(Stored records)
☆ ☆ ☆

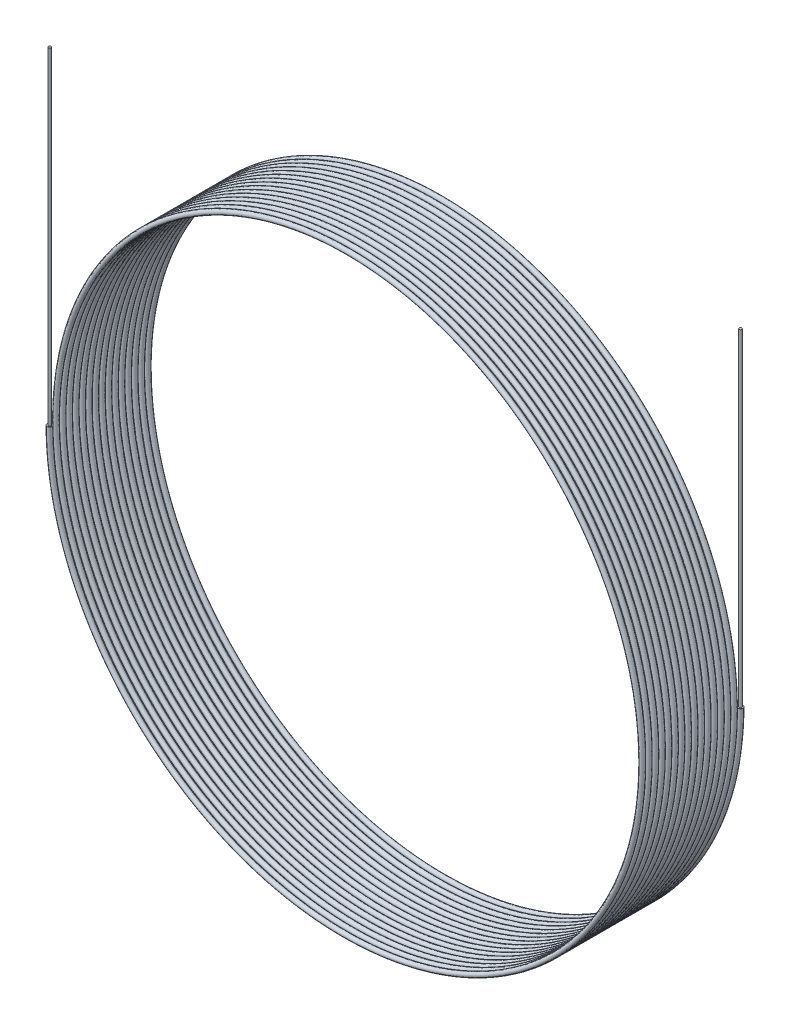
SolidWorks part; units mm, degrees
ref_plane "Front Plane" through (0, 0, 0) normal (0, 0, 1) x (1, 0, 0)
ref_plane "Top Plane" through (0, 0, 0) normal (0, 1, 0) x (1, 0, 0)
ref_plane "Right Plane" through (0, 0, 0) normal (1, 0, 0) x (0, 0, -1)
sketch "Sketch1" plane through (0, 0, 0) normal (0, 0, 1) x (1, 0, 0)
  circle A0 centre (0, 0) radius 90
  dimension "D1" = 180
curve "Helix/Spiral1" pitch 2 height 31 turns 15.5
sketch "Sketch2" plane through (0, 0, 0) normal (0, 1, 0) x (1, 0, 0)
  circle A0 centre (90, 0) radius 0.75
  spline S0 degree 3 poles (90, 0) (90, -0.0158) (89.3294, -0.0476) (86.3342, -0.0951) (81.4162, -0.1426) (74.6852, -0.1902) (66.2909, -0.2377) (56.4203, -0.2853) (45.2932, -0.3328) (33.1575, -0.3804) (20.2833, -0.4279) (6.9574, -0.4755) (-6.5234, -0.523) (-19.8589, -0.5706) (-32.7522, -0.6181) (-44.9161, -0.6656) (-56.0797, -0.7132) (-65.9944, -0.7607) (-74.4395, -0.8083) (-81.2267, -0.8558) (-86.2051, -0.9034) (-89.2636, -0.9509) (-90.3342, -0.9985) (-89.3931, -1.046) (-86.4613, -1.0936) (-81.6039, -1.1411) (-74.9292, -1.1887) (-66.5858, -1.2362) (-56.7596, -1.2837) (-45.6693, -1.3313) (-33.562, -1.3788) (-20.7072, -1.4264) (-7.3913, -1.4739) (6.0892, -1.5215) (19.4341, -1.569) (32.3462, -1.6166) (44.5379, -1.6641) (55.7378, -1.7117) (65.6964, -1.7592) (74.192, -1.8067) (81.0353, -1.8543) (86.0739, -1.9018) (89.1957, -1.9494) (90.3311, -1.9969) (89.4548, -2.0445) (86.5864, -2.092) (81.7896, -2.1396) (75.1715, -2.1871) (66.8792, -2.2347) (57.0976, -2.2822) (46.0443, -2.3298) (33.9657, -2.3773) (21.1307, -2.4248) (7.8251, -2.4724) (-5.6548, -2.5199) (-19.0088, -2.5675) (-31.9394, -2.615) (-44.1587, -2.6626) (-55.3946, -2.7101) (-65.3969, -2.7577) (-73.9428, -2.8052) (-80.842, -2.8528) (-85.9408, -2.9003) (-89.1258, -2.9479) (-90.3259, -2.9954) (-89.5144, -3.0429) (-86.7095, -3.0905) (-81.9735, -3.138) (-75.412, -3.1856) (-67.171, -3.2331) (-57.4342, -3.2807) (-46.4183, -3.3282) (-34.3687, -3.3758) (-21.5536, -3.4233) (-8.2586, -3.4709) (5.2203, -3.5184) (18.583, -3.566) (31.5319, -3.6135) (43.7785, -3.661) (55.0502, -3.7086) (65.0959, -3.7561) (73.6919, -3.8037) (80.6468, -3.8512) (85.8057, -3.8988) (89.0537, -3.9463) (90.3185, -3.9939) (89.5719, -4.0414) (86.8305, -4.089) (82.1554, -4.1365) (75.6507, -4.184) (67.4613, -4.2316) (57.7695, -4.2791) (46.7912, -4.3267) (34.7708, -4.3742) (21.9761, -4.4218) (8.692, -4.4693) (-4.7857, -4.5169) (-18.1569, -4.5644) (-31.1236, -4.612) (-43.3973, -4.6595) (-54.7044, -4.7071) (-64.7933, -4.7546) (-73.4393, -4.8021) (-80.4498, -4.8497) (-85.6686, -4.8972) (-88.9796, -4.9448) (-90.3091, -4.9923) (-89.6273, -5.0399) (-86.9496, -5.0874) (-82.3355, -5.135) (-75.8877, -5.1825) (-67.75, -5.2301) (-58.1034, -5.2776) (-47.1629, -5.3252) (-35.1721, -5.3727) (-22.398, -5.4202) (-9.1251, -5.4678) (4.351, -5.5153) (17.7303, -5.5629) (30.7146, -5.6104) (43.015, -5.658) (54.3574, -5.7055) (64.4893, -5.7531) (73.185, -5.8006) (80.2509, -5.8482) (85.5295, -5.8957) (88.9035, -5.9433) (90.2975, -5.9908) (89.6807, -6.0383) (87.0666, -6.0859) (82.5136, -6.1334) (76.123, -6.181) (68.0371, -6.2285) (58.4361, -6.2761) (47.5336, -6.3236) (35.5726, -6.3712) (22.8194, -6.4187) (9.558, -6.4663) (-3.9162, -6.5138) (-17.3032, -6.5613) (-30.3049, -6.6089) (-42.6317, -6.6564) (-54.0091, -6.704) (-64.1837, -6.7515) (-72.929, -6.7991) (-80.0501, -6.8466) (-85.3885, -6.8942) (-88.8253, -6.9417) (-90.2839, -6.9893) (-89.7319, -7.0368) (-87.1816, -7.0844) (-82.6898, -7.1319) (-76.3565, -7.1794) (-68.3227, -7.227) (-58.7673, -7.2745) (-47.9032, -7.3221) (-35.9723, -7.3696) (-23.2403, -7.4172) (-9.9908, -7.4647) (3.4813, -7.5123) (16.8758, -7.5598) (29.8945, -7.6074) (42.2475, -7.6549) (53.6596, -7.7025) (63.8767, -7.75) (72.6713, -7.7975) (79.8474, -7.8451) (85.2454, -7.8926) (88.745, -7.9402) (90.2682, -7.9877) (89.7811, -8.0353) (87.2946, -8.0828) (82.8641, -8.1304) (76.5882, -8.1779) (68.6066, -8.2255) (59.0972, -8.273) (48.2717, -8.3206) (36.3712, -8.3681) (23.6607, -8.4156) (10.4232, -8.4632) (-3.0463, -8.5107) (-16.448, -8.5583) (-29.4834, -8.6058) (-41.8623, -8.6534) (-53.3088, -8.7009) (-63.5682, -8.7485) (-72.4119, -8.796) (-79.643, -8.8436) (-85.1004, -8.8911) (-88.6626, -8.9387) (-90.2504, -8.9862) (-89.8282, -9.0337) (-87.4056, -9.0813) (-83.0365, -9.1288) (-76.8181, -9.1764) (-68.889, -9.2239) (-59.4257, -9.2715) (-48.639, -9.319) (-36.7692, -9.3666) (-24.0805, -9.4141) (-10.8555, -9.4617) (2.6113, -9.5092) (16.0198, -9.5567) (29.0717, -9.6043) (41.4761, -9.6518) (52.9568, -9.6994) (63.2582, -9.7469) (72.1508, -9.7945) (79.4366, -9.842) (84.9534, -9.8896) (88.5782, -9.9371) (90.2304, -9.9847) (89.8732, -10.0322) (87.5145, -10.0798) (83.2069, -10.1273) (77.0462, -10.1748) (69.1698, -10.2224) (59.7529, -10.2699) (49.0053, -10.3175) (37.1663, -10.365) (24.4997, -10.4126) (11.2875, -10.4601) (-2.1761, -10.5077) (-15.5913, -10.5552) (-28.6592, -10.6028) (-41.0889, -10.6503) (-52.6036, -10.6979) (-62.9467, -10.7454) (-71.888, -10.7929) (-79.2284, -10.8405) (-84.8044, -10.888) (-88.4918, -10.9356) (-90.2084, -10.9831) (-89.9162, -11.0307) (-87.6214, -11.0782) (-83.3754, -11.1258) (-77.2726, -11.1733) (-69.4489, -11.2209) (-60.0786, -11.2684) (-49.3704, -11.316) (-37.5626, -11.3635) (-24.9184, -11.411) (-11.7192, -11.4586) (1.741, -11.5061) (15.1624, -11.5537) (28.2461, -11.6012) (40.7008, -11.6488) (52.2491, -11.6963) (62.6338, -11.7439) (71.6236, -11.7914) (79.0184, -11.839) (84.6534, -11.8865) (88.4033, -11.934) (90.1843, -11.9816) (89.957, -12.0291) (87.7263, -12.0767) (83.542, -12.1242) (77.4971, -12.1718) (69.7265, -12.2193) (60.403, -12.2669) (49.7343, -12.3144) (37.958, -12.362) (25.3365, -12.4095) (12.1506, -12.4571) (-1.3058, -12.5046) (-14.7331, -12.5521) (-27.8323, -12.5997) (-40.3117, -12.6472) (-51.8934, -12.6948) (-62.3194, -12.7423) (-71.3575, -12.7899) (-78.8065, -12.8374) (-84.5005, -12.885) (-88.3127, -12.9325) (-90.1581, -12.9801) (-89.9957, -13.0276) (-87.8292, -13.0752) (-83.7066, -13.1227) (-77.7199, -13.1702) (-70.0024, -13.2178) (-60.7259, -13.2653) (-50.0971, -13.3129) (-38.3526, -13.3604) (-25.754, -13.408) (-12.5818, -13.4555) (0.8705, -13.5031) (14.3035, -13.5506) (27.4179, -13.5982) (39.9217, -13.6457) (51.5365, -13.6933) (62.0036, -13.7408) (71.0898, -13.7883) (78.5929, -13.8359) (84.3457, -13.8834) (88.2201, -13.931) (90.1298, -13.9785) (90.0324, -14.0261) (87.9299, -14.0736) (83.8693, -14.1212) (77.9409, -14.1687) (70.2767, -14.2163) (61.0475, -14.2638) (50.4587, -14.3113) (38.7462, -14.3589) (26.1709, -14.4064) (13.0127, -14.454) (-0.4353, -14.5015) (-13.8735, -14.5491) (-27.0029, -14.5966) (-39.5308, -14.6442) (-51.1784, -14.6917) (-61.6863, -14.7393) (-70.8204, -14.7868) (-78.3773, -14.8344) (-84.1888, -14.8819) (-88.1254, -14.9294) (-90.0995, -14.977) (-90.067, -15.0245) (-88.0287, -15.0721) (-84.03, -15.1196) (-78.16, -15.1672) (-70.5494, -15.2147) (-61.3676, -15.2623) (-50.8192, -15.3098) (-39.139, -15.3574) (-26.5872, -15.4049) (-9.062, -15.4683) (9.062, -15.5317) (26.5872, -15.5951) (39.139, -15.6426) (50.8192, -15.6902) (61.3676, -15.7377) (70.5494, -15.7853) (78.16, -15.8328) (84.03, -15.8804) (88.0287, -15.9279) (90.067, -15.9755) (90.0995, -16.023) (88.1254, -16.0706) (84.1888, -16.1181) (78.3773, -16.1656) (70.8204, -16.2132) (61.6863, -16.2607) (51.1784, -16.3083) (39.5308, -16.3558) (27.0029, -16.4034) (13.8735, -16.4509) (0.4353, -16.4985) (-13.0127, -16.546) (-26.1709, -16.5936) (-38.7462, -16.6411) (-50.4587, -16.6887) (-61.0475, -16.7362) (-70.2767, -16.7837) (-77.9409, -16.8313) (-83.8693, -16.8788) (-87.9299, -16.9264) (-90.0324, -16.9739) (-90.1298, -17.0215) (-88.2201, -17.069) (-84.3457, -17.1166) (-78.5929, -17.1641) (-71.0898, -17.2117) (-62.0036, -17.2592) (-51.5365, -17.3067) (-39.9217, -17.3543) (-27.4179, -17.4018) (-14.3035, -17.4494) (-0.8705, -17.4969) (12.5818, -17.5445) (25.754, -17.592) (38.3526, -17.6396) (50.0971, -17.6871) (60.7259, -17.7347) (70.0024, -17.7822) (77.7199, -17.8298) (83.7066, -17.8773) (87.8292, -17.9248) (89.9957, -17.9724) (90.1581, -18.0199) (88.3127, -18.0675) (84.5005, -18.115) (78.8065, -18.1626) (71.3575, -18.2101) (62.3194, -18.2577) (51.8934, -18.3052) (40.3117, -18.3528) (27.8323, -18.4003) (14.7331, -18.4479) (1.3058, -18.4954) (-12.1506, -18.5429) (-25.3365, -18.5905) (-37.958, -18.638) (-49.7343, -18.6856) (-60.403, -18.7331) (-69.7265, -18.7807) (-77.4971, -18.8282) (-83.542, -18.8758) (-87.7263, -18.9233) (-89.957, -18.9709) (-90.1843, -19.0184) (-88.4033, -19.066) (-84.6534, -19.1135) (-79.0184, -19.161) (-71.6236, -19.2086) (-62.6338, -19.2561) (-52.2491, -19.3037) (-40.7008, -19.3512) (-28.2461, -19.3988) (-15.1624, -19.4463) (-1.741, -19.4939) (11.7192, -19.5414) (24.9184, -19.589) (37.5626, -19.6365) (49.3704, -19.684) (60.0786, -19.7316) (69.4489, -19.7791) (77.2726, -19.8267) (83.3754, -19.8742) (87.6214, -19.9218) (89.9162, -19.9693) (90.2084, -20.0169) (88.4918, -20.0644) (84.8044, -20.112) (79.2284, -20.1595) (71.888, -20.2071) (62.9467, -20.2546) (52.6036, -20.3021) (41.0889, -20.3497) (28.6592, -20.3972) (15.5913, -20.4448) (2.1761, -20.4923) (-11.2875, -20.5399) (-24.4997, -20.5874) (-37.1663, -20.635) (-49.0053, -20.6825) (-59.7529, -20.7301) (-69.1698, -20.7776) (-77.0462, -20.8252) (-83.2069, -20.8727) (-87.5145, -20.9202) (-89.8732, -20.9678) (-90.2304, -21.0153) (-88.5782, -21.0629) (-84.9534, -21.1104) (-79.4366, -21.158) (-72.1508, -21.2055) (-63.2582, -21.2531) (-52.9568, -21.3006) (-41.4761, -21.3482) (-29.0717, -21.3957) (-16.0198, -21.4433) (-2.6113, -21.4908) (10.8555, -21.5383) (24.0805, -21.5859) (36.7692, -21.6334) (48.639, -21.681) (59.4257, -21.7285) (68.889, -21.7761) (76.8181, -21.8236) (83.0365, -21.8712) (87.4056, -21.9187) (89.8282, -21.9663) (90.2504, -22.0138) (88.6626, -22.0613) (85.1004, -22.1089) (79.643, -22.1564) (72.4119, -22.204) (63.5682, -22.2515) (53.3088, -22.2991) (41.8623, -22.3466) (29.4834, -22.3942) (16.448, -22.4417) (3.0463, -22.4893) (-10.4232, -22.5368) (-23.6607, -22.5844) (-36.3712, -22.6319) (-48.2717, -22.6794) (-59.0972, -22.727) (-68.6066, -22.7745) (-76.5882, -22.8221) (-82.8641, -22.8696) (-87.2946, -22.9172) (-89.7811, -22.9647) (-90.2682, -23.0123) (-88.745, -23.0598) (-85.2454, -23.1074) (-79.8474, -23.1549) (-72.6713, -23.2025) (-63.8767, -23.25) (-53.6596, -23.2975) (-42.2475, -23.3451) (-29.8945, -23.3926) (-16.8758, -23.4402) (-3.4813, -23.4877) (9.9908, -23.5353) (23.2403, -23.5828) (35.9723, -23.6304) (47.9032, -23.6779) (58.7673, -23.7255) (68.3227, -23.773) (76.3565, -23.8206) (82.6898, -23.8681) (87.1816, -23.9156) (89.7319, -23.9632) (90.2839, -24.0107) (88.8253, -24.0583) (85.3885, -24.1058) (80.0501, -24.1534) (72.929, -24.2009) (64.1837, -24.2485) (54.0091, -24.296) (42.6317, -24.3436) (30.3049, -24.3911) (17.3032, -24.4387) (3.9162, -24.4862) (-9.558, -24.5337) (-22.8194, -24.5813) (-35.5726, -24.6288) (-47.5336, -24.6764) (-58.4361, -24.7239) (-68.0371, -24.7715) (-76.123, -24.819) (-82.5136, -24.8666) (-87.0666, -24.9141) (-89.6807, -24.9617) (-90.2975, -25.0092) (-88.9035, -25.0567) (-85.5295, -25.1043) (-80.2509, -25.1518) (-73.185, -25.1994) (-64.4893, -25.2469) (-54.3574, -25.2945) (-43.015, -25.342) (-30.7146, -25.3896) (-17.7303, -25.4371) (-4.351, -25.4847) (9.1251, -25.5322) (22.398, -25.5798) (35.1721, -25.6273) (47.1629, -25.6748) (58.1034, -25.7224) (67.75, -25.7699) (75.8877, -25.8175) (82.3355, -25.865) (86.9496, -25.9126) (89.6273, -25.9601) (90.3091, -26.0077) (88.9796, -26.0552) (85.6686, -26.1028) (80.4498, -26.1503) (73.4393, -26.1979) (64.7933, -26.2454) (54.7044, -26.2929) (43.3973, -26.3405) (31.1236, -26.388) (18.1569, -26.4356) (4.7857, -26.4831) (-8.692, -26.5307) (-21.9761, -26.5782) (-34.7708, -26.6258) (-46.7912, -26.6733) (-57.7695, -26.7209) (-67.4613, -26.7684) (-75.6507, -26.816) (-82.1554, -26.8635) (-86.8305, -26.911) (-89.5719, -26.9586) (-90.3185, -27.0061) (-89.0537, -27.0537) (-85.8057, -27.1012) (-80.6468, -27.1488) (-73.6919, -27.1963) (-65.0959, -27.2439) (-55.0502, -27.2914) (-43.7785, -27.339) (-31.5319, -27.3865) (-18.583, -27.434) (-5.2203, -27.4816) (8.2586, -27.5291) (21.5536, -27.5767) (34.3687, -27.6242) (46.4183, -27.6718) (57.4342, -27.7193) (67.171, -27.7669) (75.412, -27.8144) (81.9735, -27.862) (86.7095, -27.9095) (89.5144, -27.9571) (90.3259, -28.0046) (89.1258, -28.0521) (85.9408, -28.0997) (80.842, -28.1472) (73.9428, -28.1948) (65.3969, -28.2423) (55.3946, -28.2899) (44.1587, -28.3374) (31.9394, -28.385) (19.0088, -28.4325) (5.6548, -28.4801) (-7.8251, -28.5276) (-21.1307, -28.5752) (-33.9657, -28.6227) (-46.0443, -28.6702) (-57.0976, -28.7178) (-66.8792, -28.7653) (-75.1715, -28.8129) (-81.7896, -28.8604) (-86.5864, -28.908) (-89.4548, -28.9555) (-90.3311, -29.0031) (-89.1957, -29.0506) (-86.0739, -29.0982) (-81.0353, -29.1457) (-74.192, -29.1933) (-65.6964, -29.2408) (-55.7378, -29.2883) (-44.5379, -29.3359) (-32.3462, -29.3834) (-19.4341, -29.431) (-6.0892, -29.4785) (7.3913, -29.5261) (20.7072, -29.5736) (33.562, -29.6212) (45.6693, -29.6687) (56.7596, -29.7163) (66.5858, -29.7638) (74.9292, -29.8113) (81.6039, -29.8589) (86.4613, -29.9064) (89.3931, -29.954) (90.3342, -30.0015) (89.2636, -30.0491) (86.2051, -30.0966) (81.2267, -30.1442) (74.4395, -30.1917) (65.9944, -30.2393) (56.0797, -30.2868) (44.9161, -30.3344) (32.7522, -30.3819) (19.8589, -30.4294) (6.5234, -30.477) (-6.9574, -30.5245) (-20.2833, -30.5721) (-33.1575, -30.6196) (-45.2932, -30.6672) (-56.4203, -30.7147) (-66.2909, -30.7623) (-74.6852, -30.8098) (-81.4162, -30.8574) (-86.3342, -30.9049) (-89.3294, -30.9524) (-90, -30.9842) (-90, -31) knots 0 0 0 0 0.001534 0.003067 0.004601 0.006135 0.007669 0.009202 0.010736 0.01227 0.013804 0.015337 0.016871 0.018405 0.019939 0.021472 0.023006 0.02454 0.026074 0.027607 0.029141 0.030675 0.032209 0.033742 0.035276 0.03681 0.038344 0.039877 0.041411 0.042945 0.044479 0.046012 0.047546 0.04908 0.050613 0.052147 0.053681 0.055215 0.056748 0.058282 0.059816 0.06135 0.062883 0.064417 0.065951 0.067485 0.069018 0.070552 0.072086 0.07362 0.075153 0.076687 0.078221 0.079755 0.081288 0.082822 0.084356 0.08589 0.087423 0.088957 0.090491 0.092025 0.093558 0.095092 0.096626 0.09816 0.099693 0.101227 0.102761 0.104294 0.105828 0.107362 0.108896 0.110429 0.111963 0.113497 0.115031 0.116564 0.118098 0.119632 0.121166 0.122699 0.124233 0.125767 0.127301 0.128834 0.130368 0.131902 0.133436 0.134969 0.136503 0.138037 0.139571 0.141104 0.142638 0.144172 0.145706 0.147239 0.148773 0.150307 0.15184 0.153374 0.154908 0.156442 0.157975 0.159509 0.161043 0.162577 0.16411 0.165644 0.167178 0.168712 0.170245 0.171779 0.173313 0.174847 0.17638 0.177914 0.179448 0.180982 0.182515 0.184049 0.185583 0.187117 0.18865 0.190184 0.191718 0.193252 0.194785 0.196319 0.197853 0.199387 0.20092 0.202454 0.203988 0.205521 0.207055 0.208589 0.210123 0.211656 0.21319 0.214724 0.216258 0.217791 0.219325 0.220859 0.222393 0.223926 0.22546 0.226994 0.228528 0.230061 0.231595 0.233129 0.234663 0.236196 0.23773 0.239264 0.240798 0.242331 0.243865 0.245399 0.246933 0.248466 0.25 0.251534 0.253067 0.254601 0.256135 0.257669 0.259202 0.260736 0.26227 0.263804 0.265337 0.266871 0.268405 0.269939 0.271472 0.273006 0.27454 0.276074 0.277607 0.279141 0.280675 0.282209 0.283742 0.285276 0.28681 0.288344 0.289877 0.291411 0.292945 0.294479 0.296012 0.297546 0.29908 0.300613 0.302147 0.303681 0.305215 0.306748 0.308282 0.309816 0.31135 0.312883 0.314417 0.315951 0.317485 0.319018 0.320552 0.322086 0.32362 0.325153 0.326687 0.328221 0.329755 0.331288 0.332822 0.334356 0.33589 0.337423 0.338957 0.340491 0.342025 0.343558 0.345092 0.346626 0.34816 0.349693 0.351227 0.352761 0.354294 0.355828 0.357362 0.358896 0.360429 0.361963 0.363497 0.365031 0.366564 0.368098 0.369632 0.371166 0.372699 0.374233 0.375767 0.377301 0.378834 0.380368 0.381902 0.383436 0.384969 0.386503 0.388037 0.389571 0.391104 0.392638 0.394172 0.395706 0.397239 0.398773 0.400307 0.40184 0.403374 0.404908 0.406442 0.407975 0.409509 0.411043 0.412577 0.41411 0.415644 0.417178 0.418712 0.420245 0.421779 0.423313 0.424847 0.42638 0.427914 0.429448 0.430982 0.432515 0.434049 0.435583 0.437117 0.43865 0.440184 0.441718 0.443252 0.444785 0.446319 0.447853 0.449387 0.45092 0.452454 0.453988 0.455521 0.457055 0.458589 0.460123 0.461656 0.46319 0.464724 0.466258 0.467791 0.469325 0.470859 0.472393 0.473926 0.47546 0.476994 0.478528 0.480061 0.481595 0.483129 0.484663 0.486196 0.48773 0.489264 0.490798 0.492331 0.493865 0.495399 0.496933 0.498466 0.501534 0.503067 0.504601 0.506135 0.507669 0.509202 0.510736 0.51227 0.513804 0.515337 0.516871 0.518405 0.519939 0.521472 0.523006 0.52454 0.526074 0.527607 0.529141 0.530675 0.532209 0.533742 0.535276 0.53681 0.538344 0.539877 0.541411 0.542945 0.544479 0.546012 0.547546 0.54908 0.550613 0.552147 0.553681 0.555215 0.556748 0.558282 0.559816 0.56135 0.562883 0.564417 0.565951 0.567485 0.569018 0.570552 0.572086 0.57362 0.575153 0.576687 0.578221 0.579755 0.581288 0.582822 0.584356 0.58589 0.587423 0.588957 0.590491 0.592025 0.593558 0.595092 0.596626 0.59816 0.599693 0.601227 0.602761 0.604294 0.605828 0.607362 0.608896 0.610429 0.611963 0.613497 0.615031 0.616564 0.618098 0.619632 0.621166 0.622699 0.624233 0.625767 0.627301 0.628834 0.630368 0.631902 0.633436 0.634969 0.636503 0.638037 0.639571 0.641104 0.642638 0.644172 0.645706 0.647239 0.648773 0.650307 0.65184 0.653374 0.654908 0.656442 0.657975 0.659509 0.661043 0.662577 0.66411 0.665644 0.667178 0.668712 0.670245 0.671779 0.673313 0.674847 0.67638 0.677914 0.679448 0.680982 0.682515 0.684049 0.685583 0.687117 0.68865 0.690184 0.691718 0.693252 0.694785 0.696319 0.697853 0.699387 0.70092 0.702454 0.703988 0.705521 0.707055 0.708589 0.710123 0.711656 0.71319 0.714724 0.716258 0.717791 0.719325 0.720859 0.722393 0.723926 0.72546 0.726994 0.728528 0.730061 0.731595 0.733129 0.734663 0.736196 0.73773 0.739264 0.740798 0.742331 0.743865 0.745399 0.746933 0.748466 0.75 0.751534 0.753067 0.754601 0.756135 0.757669 0.759202 0.760736 0.76227 0.763804 0.765337 0.766871 0.768405 0.769939 0.771472 0.773006 0.77454 0.776074 0.777607 0.779141 0.780675 0.782209 0.783742 0.785276 0.78681 0.788344 0.789877 0.791411 0.792945 0.794479 0.796012 0.797546 0.79908 0.800613 0.802147 0.803681 0.805215 0.806748 0.808282 0.809816 0.81135 0.812883 0.814417 0.815951 0.817485 0.819018 0.820552 0.822086 0.82362 0.825153 0.826687 0.828221 0.829755 0.831288 0.832822 0.834356 0.83589 0.837423 0.838957 0.840491 0.842025 0.843558 0.845092 0.846626 0.84816 0.849693 0.851227 0.852761 0.854294 0.855828 0.857362 0.858896 0.860429 0.861963 0.863497 0.865031 0.866564 0.868098 0.869632 0.871166 0.872699 0.874233 0.875767 0.877301 0.878834 0.880368 0.881902 0.883436 0.884969 0.886503 0.888037 0.889571 0.891104 0.892638 0.894172 0.895706 0.897239 0.898773 0.900307 0.90184 0.903374 0.904908 0.906442 0.907975 0.909509 0.911043 0.912577 0.91411 0.915644 0.917178 0.918712 0.920245 0.921779 0.923313 0.924847 0.92638 0.927914 0.929448 0.930982 0.932515 0.934049 0.935583 0.937117 0.93865 0.940184 0.941718 0.943252 0.944785 0.946319 0.947853 0.949387 0.95092 0.952454 0.953988 0.955521 0.957055 0.958589 0.960123 0.961656 0.96319 0.964724 0.966258 0.967791 0.969325 0.970859 0.972393 0.973926 0.97546 0.976994 0.978528 0.980061 0.981595 0.983129 0.984663 0.986196 0.98773 0.989264 0.990798 0.992331 0.993865 0.995399 0.996933 0.998466 1 1 1 1 construction
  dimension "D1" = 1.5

☆ ☆ ☆

◆ **WHAT THE TASK REQUIRES**:
Check each line of the records above, and copy those that hold the word "through".

◆ **ANSWER TO THIS EXERCISE**:
ref_plane "Front Plane" through (0, 0, 0) normal (0, 0, 1) x (1, 0, 0)
ref_plane "Top Plane" through (0, 0, 0) normal (0, 1, 0) x (1, 0, 0)
ref_plane "Right Plane" through (0, 0, 0) normal (1, 0, 0) x (0, 0, -1)
sketch "Sketch1" plane through (0, 0, 0) normal (0, 0, 1) x (1, 0, 0)
sketch "Sketch2" plane through (0, 0, 0) normal (0, 1, 0) x (1, 0, 0)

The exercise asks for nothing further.